Putting those two trends together, as Dow Jones VentureSource European research manager Anna Malterre did in yesterday’s press release, “investors appear trapped in their current investments, needing to wait longer to recoup their financial returns while at the same time lacking funds to fuel new ventures”.

Take heart, startups – it’s not as bad as it looks

Founders hoping to raise funding this year shouldn’t give up just yet. While just a taste of the methodology is made public, these figures appear to cover a broad range of sectors – Communications and Networking, Electronics and Computer Hardware, Semiconductors, Software, Consumer Information Services, and Media and Content.

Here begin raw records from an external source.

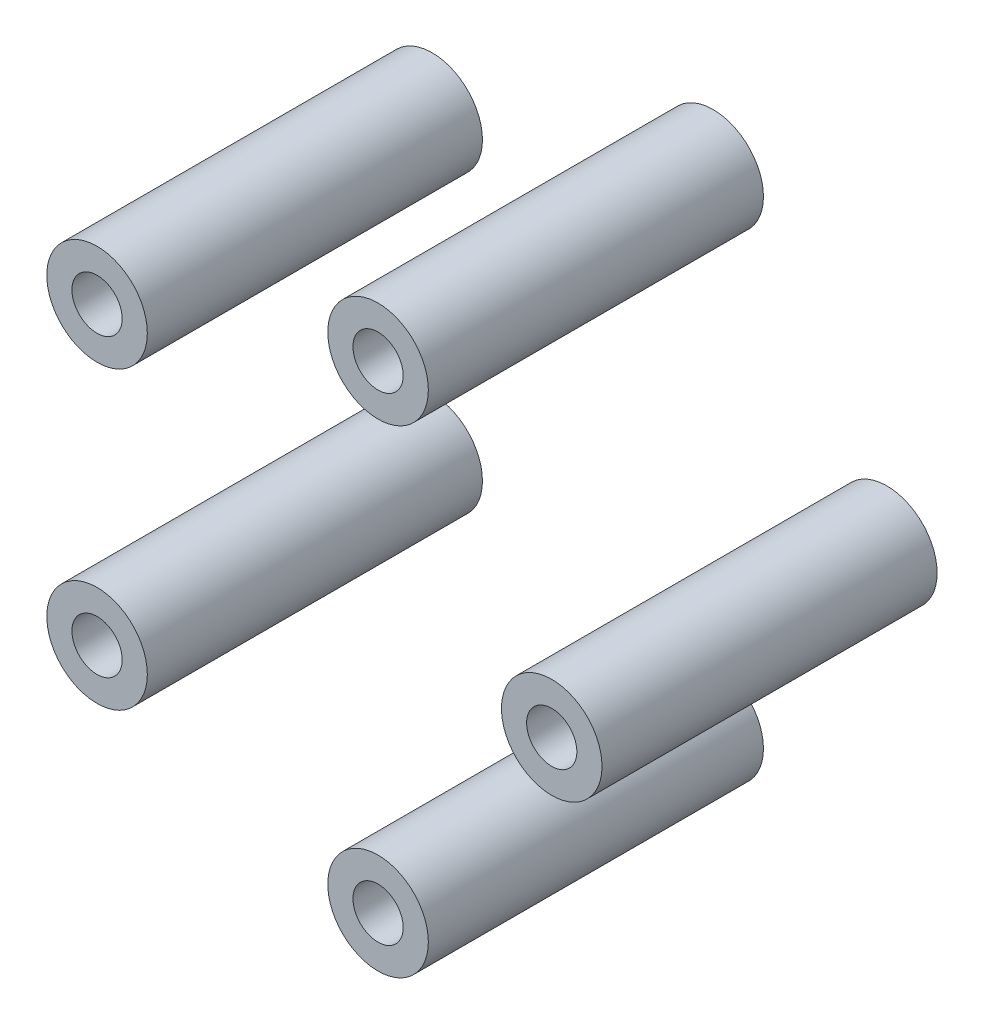
from build123d import *

# Parameters (mm, degrees)
BOSS_EXTRUDE1_DEPTH        = 12
BOSS_EXTRUDE1_DEPTH_BACK   = 8
SKETCH2_R                  = 3
SKETCH2_R_2                = 1.5
BOSS_EXTRUDE1_2_DEPTH      = 12
BOSS_EXTRUDE1_2_DEPTH_BACK = 8
BOSS_EXTRUDE1_3_DEPTH      = 12
BOSS_EXTRUDE1_3_DEPTH_BACK = 8
BOSS_EXTRUDE1_4_DEPTH      = 12
BOSS_EXTRUDE1_4_DEPTH_BACK = 8
BOSS_EXTRUDE1_5_DEPTH      = 12
BOSS_EXTRUDE1_5_DEPTH_BACK = 8


with BuildPart() as part:
    # Sketch2 → Boss-Extrude1 (new, two sides: drawn at the far end of the back side and taken through both)
    with BuildSketch(Plane.XY.offset(-5.5).offset(-BOSS_EXTRUDE1_DEPTH_BACK)):
        with Locations((-13.335254916, 8.816778784)):
            Circle(SKETCH2_R)
        with Locations((-13.335254916, 8.816778784)):
            Circle(SKETCH2_R_2, mode=Mode.SUBTRACT)
    extrude(amount=BOSS_EXTRUDE1_DEPTH + BOSS_EXTRUDE1_DEPTH_BACK)


with BuildPart() as body_2:
    # Sketch2 → Boss-Extrude1 2 (new, two sides: drawn at the far end of the back side and taken through both)
    with BuildSketch(Plane.XY.offset(-5.5).offset(-BOSS_EXTRUDE1_2_DEPTH_BACK)):
        with Locations((3.435254916, 14.265847744)):
            Circle(SKETCH2_R)
        with Locations((3.435254916, 14.265847744)):
            Circle(SKETCH2_R_2, mode=Mode.SUBTRACT)
    extrude(amount=BOSS_EXTRUDE1_2_DEPTH + BOSS_EXTRUDE1_2_DEPTH_BACK)


with BuildPart() as body_3:
    # Sketch2 → Boss-Extrude1 3 (new, two sides: drawn at the far end of the back side and taken through both)
    with BuildSketch(Plane.XY.offset(-5.5).offset(-BOSS_EXTRUDE1_3_DEPTH_BACK)):
        with Locations((13.8, 0)):
            Circle(SKETCH2_R)
        with Locations((13.8, 0)):
            Circle(SKETCH2_R_2, mode=Mode.SUBTRACT)
    extrude(amount=BOSS_EXTRUDE1_3_DEPTH + BOSS_EXTRUDE1_3_DEPTH_BACK)


with BuildPart() as body_4:
    # Sketch2 → Boss-Extrude1 4 (new, two sides: drawn at the far end of the back side and taken through both)
    with BuildSketch(Plane.XY.offset(-5.5).offset(-BOSS_EXTRUDE1_4_DEPTH_BACK)):
        with Locations((3.435254916, -14.265847744)):
            Circle(SKETCH2_R)
        with Locations((3.435254916, -14.265847744)):
            Circle(SKETCH2_R_2, mode=Mode.SUBTRACT)
    extrude(amount=BOSS_EXTRUDE1_4_DEPTH + BOSS_EXTRUDE1_4_DEPTH_BACK)


with BuildPart() as body_5:
    # Sketch2 → Boss-Extrude1 5 (new, two sides: drawn at the far end of the back side and taken through both)
    with BuildSketch(Plane.XY.offset(-5.5).offset(-BOSS_EXTRUDE1_5_DEPTH_BACK)):
        with Locations((-13.335254916, -8.816778784)):
            Circle(SKETCH2_R)
        with Locations((-13.335254916, -8.816778784)):
            Circle(SKETCH2_R_2, mode=Mode.SUBTRACT)
    extrude(amount=BOSS_EXTRUDE1_5_DEPTH + BOSS_EXTRUDE1_5_DEPTH_BACK)


solid = Compound([part.part, body_2.part, body_3.part, body_4.part, body_5.part])

The consumer services industry in Europe – aka consumer internet – actually showed its biggest investment year on record, rising 13 per cent and 8 per cent respectively to €1.3 billion for 283 deals in 2012.

More than half of that capital went to social media, entertainment and online shopping companies, who raised €779m for 186 deals in 2012 (up four per cent and nine per cent respectively since 2011).

Anyway, plentiful venture capital is just one measure of a healthy startup ecosystem. Without wanting to stifle the growth of promising up-and-comers, less venture capital might mean bigger deals for the true stars and a consolidation for the rest.

Other sources for info on venture capital deal flow include the European Venture Capital Association’s annual yearbook and Germany’s venture capital association BVK.